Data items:
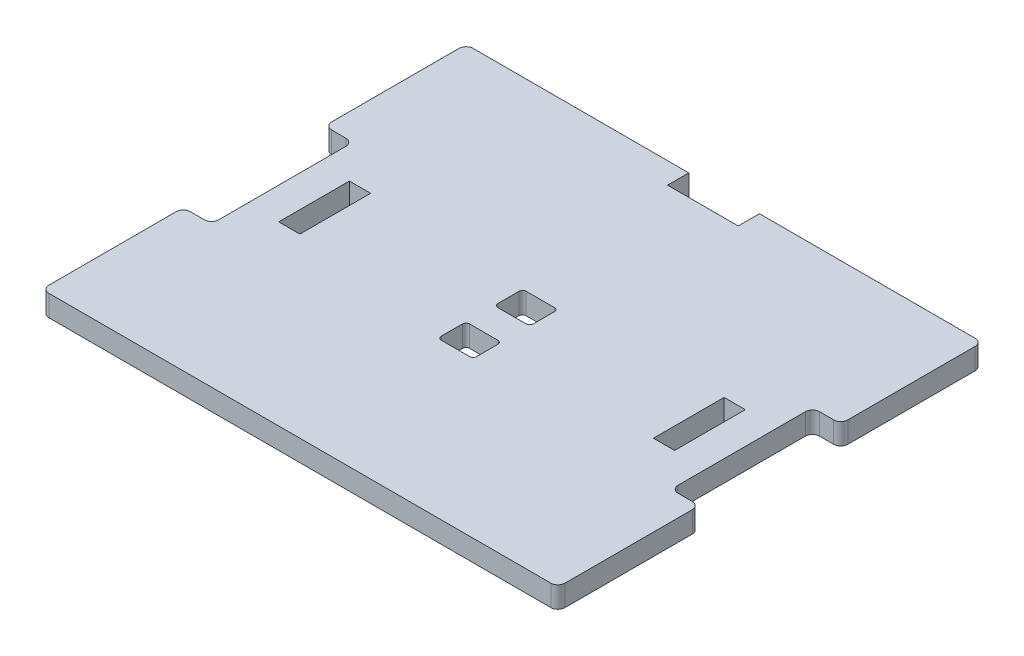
from build123d import *

# Parameters (mm, degrees)
BOSS_EXTRUDE1_DEPTH     = 6
FILLET1_R               = 2
CUT_EXTRUDE1_DEPTH      = 95.683683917
CUT_EXTRUDE1_DEPTH_BACK = 95.683683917
SKETCH2_W               = 6
SKETCH2_H               = 20
SKETCH3_W               = 10
SKETCH3_H               = 8
CUT_EXTRUDE2_DEPTH      = 95.683683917
FILLET2_R               = 1
SKETCH4_W               = 20
SKETCH4_H               = 6
CUT_EXTRUDE3_DEPTH      = 95.683683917


with BuildPart() as part:
    # Sketch1 → Boss-Extrude1 (new body)
    with BuildSketch(Plane(origin=(0, 0, 0), x_dir=(1, 0, 0), z_dir=(0, 1, 0))):
        Polygon((65, 20), (65, -20), (73, -20), (73, -60), (-73, -60), (-73, -20), (-65, -20), (-65, 20), (-73, 20), (-73, 60), (73, 60), (73, 20), align=None)
    extrude(amount=BOSS_EXTRUDE1_DEPTH)

    # Fillet1
    fillet1_edges = [part.edges().sort_by_distance(p)[0] for p in [
        (65, 3, 20),
        (73, 3, 20),
        (73, 3, 60),
        (-73, 3, 60),
        (-73, 3, 20),
        (-65, 3, 20),
        (-65, 3, -20),
        (-73, 3, -20),
        (-73, 3, -60),
        (73, 3, -60),
        (73, 3, -20),
        (65, 3, -20),
    ]]
    fillet(fillet1_edges, radius=FILLET1_R)

    # Sketch2 → Cut-Extrude1 (cut, two sides: drawn at the far end of the back side and taken through both)
    with BuildSketch(Plane(origin=(0, 6, 0), x_dir=(1, 0, 0), z_dir=(0, 1, 0)).offset(-CUT_EXTRUDE1_DEPTH_BACK)):
        with Locations((53, 0)):
            Rectangle(SKETCH2_W, SKETCH2_H)
        with Locations((-53, 0)):
            Rectangle(SKETCH2_W, SKETCH2_H)
    extrude(amount=CUT_EXTRUDE1_DEPTH + CUT_EXTRUDE1_DEPTH_BACK, mode=Mode.SUBTRACT)

    # Sketch3 → Cut-Extrude2 (cut, through all)
    with BuildSketch(Plane(origin=(0, 6, 0), x_dir=(1, 0, 0), z_dir=(0, 1, 0))):
        with Locations((0, 4)):
            Rectangle(SKETCH3_W, SKETCH3_H)
        with Locations((0, -12)):
            Rectangle(SKETCH3_W, SKETCH3_H)
    extrude(amount=-CUT_EXTRUDE2_DEPTH, mode=Mode.SUBTRACT)

    # Fillet2
    fillet2_edges = [part.edges().sort_by_distance(p)[0] for p in [
        (5, 3, -8),
        (5, 3, 0),
        (-5, 3, 0),
        (-5, 3, -8),
        (-5, 3, 16),
        (-5, 3, 8),
        (5, 3, 8),
        (5, 3, 16),
    ]]
    fillet(fillet2_edges, radius=FILLET2_R)

    # Sketch4 → Cut-Extrude3 (cut, through all)
    with BuildSketch(Plane(origin=(0, 6, 0), x_dir=(1, 0, 0), z_dir=(0, 1, 0))):
        with Locations((0, 57)):
            Rectangle(SKETCH4_W, SKETCH4_H)
    extrude(amount=-CUT_EXTRUDE3_DEPTH, mode=Mode.SUBTRACT)


solid = part.part

Action item
Every entry belongs in the answer exactly as written, but no picture does.

Solution below
from build123d import *

# Parameters (mm, degrees)
BOSS_EXTRUDE1_DEPTH     = 6
FILLET1_R               = 2
CUT_EXTRUDE1_DEPTH      = 95.683683917
CUT_EXTRUDE1_DEPTH_BACK = 95.683683917
SKETCH2_W               = 6
SKETCH2_H               = 20
SKETCH3_W               = 10
SKETCH3_H               = 8
CUT_EXTRUDE2_DEPTH      = 95.683683917
FILLET2_R               = 1
SKETCH4_W               = 20
SKETCH4_H               = 6
CUT_EXTRUDE3_DEPTH      = 95.683683917


with BuildPart() as part:
    # Sketch1 → Boss-Extrude1 (new body)
    with BuildSketch(Plane(origin=(0, 0, 0), x_dir=(1, 0, 0), z_dir=(0, 1, 0))):
        Polygon((65, 20), (65, -20), (73, -20), (73, -60), (-73, -60), (-73, -20), (-65, -20), (-65, 20), (-73, 20), (-73, 60), (73, 60), (73, 20), align=None)
    extrude(amount=BOSS_EXTRUDE1_DEPTH)

    # Fillet1
    fillet1_edges = [part.edges().sort_by_distance(p)[0] for p in [
        (65, 3, 20),
        (73, 3, 20),
        (73, 3, 60),
        (-73, 3, 60),
        (-73, 3, 20),
        (-65, 3, 20),
        (-65, 3, -20),
        (-73, 3, -20),
        (-73, 3, -60),
        (73, 3, -60),
        (73, 3, -20),
        (65, 3, -20),
    ]]
    fillet(fillet1_edges, radius=FILLET1_R)

    # Sketch2 → Cut-Extrude1 (cut, two sides: drawn at the far end of the back side and taken through both)
    with BuildSketch(Plane(origin=(0, 6, 0), x_dir=(1, 0, 0), z_dir=(0, 1, 0)).offset(-CUT_EXTRUDE1_DEPTH_BACK)):
        with Locations((53, 0)):
            Rectangle(SKETCH2_W, SKETCH2_H)
        with Locations((-53, 0)):
            Rectangle(SKETCH2_W, SKETCH2_H)
    extrude(amount=CUT_EXTRUDE1_DEPTH + CUT_EXTRUDE1_DEPTH_BACK, mode=Mode.SUBTRACT)

    # Sketch3 → Cut-Extrude2 (cut, through all)
    with BuildSketch(Plane(origin=(0, 6, 0), x_dir=(1, 0, 0), z_dir=(0, 1, 0))):
        with Locations((0, 4)):
            Rectangle(SKETCH3_W, SKETCH3_H)
        with Locations((0, -12)):
            Rectangle(SKETCH3_W, SKETCH3_H)
    extrude(amount=-CUT_EXTRUDE2_DEPTH, mode=Mode.SUBTRACT)

    # Fillet2
    fillet2_edges = [part.edges().sort_by_distance(p)[0] for p in [
        (5, 3, -8),
        (5, 3, 0),
        (-5, 3, 0),
        (-5, 3, -8),
        (-5, 3, 16),
        (-5, 3, 8),
        (5, 3, 8),
        (5, 3, 16),
    ]]
    fillet(fillet2_edges, radius=FILLET2_R)

    # Sketch4 → Cut-Extrude3 (cut, through all)
    with BuildSketch(Plane(origin=(0, 6, 0), x_dir=(1, 0, 0), z_dir=(0, 1, 0))):
        with Locations((0, 57)):
            Rectangle(SKETCH4_W, SKETCH4_H)
    extrude(amount=-CUT_EXTRUDE3_DEPTH, mode=Mode.SUBTRACT)


solid = part.part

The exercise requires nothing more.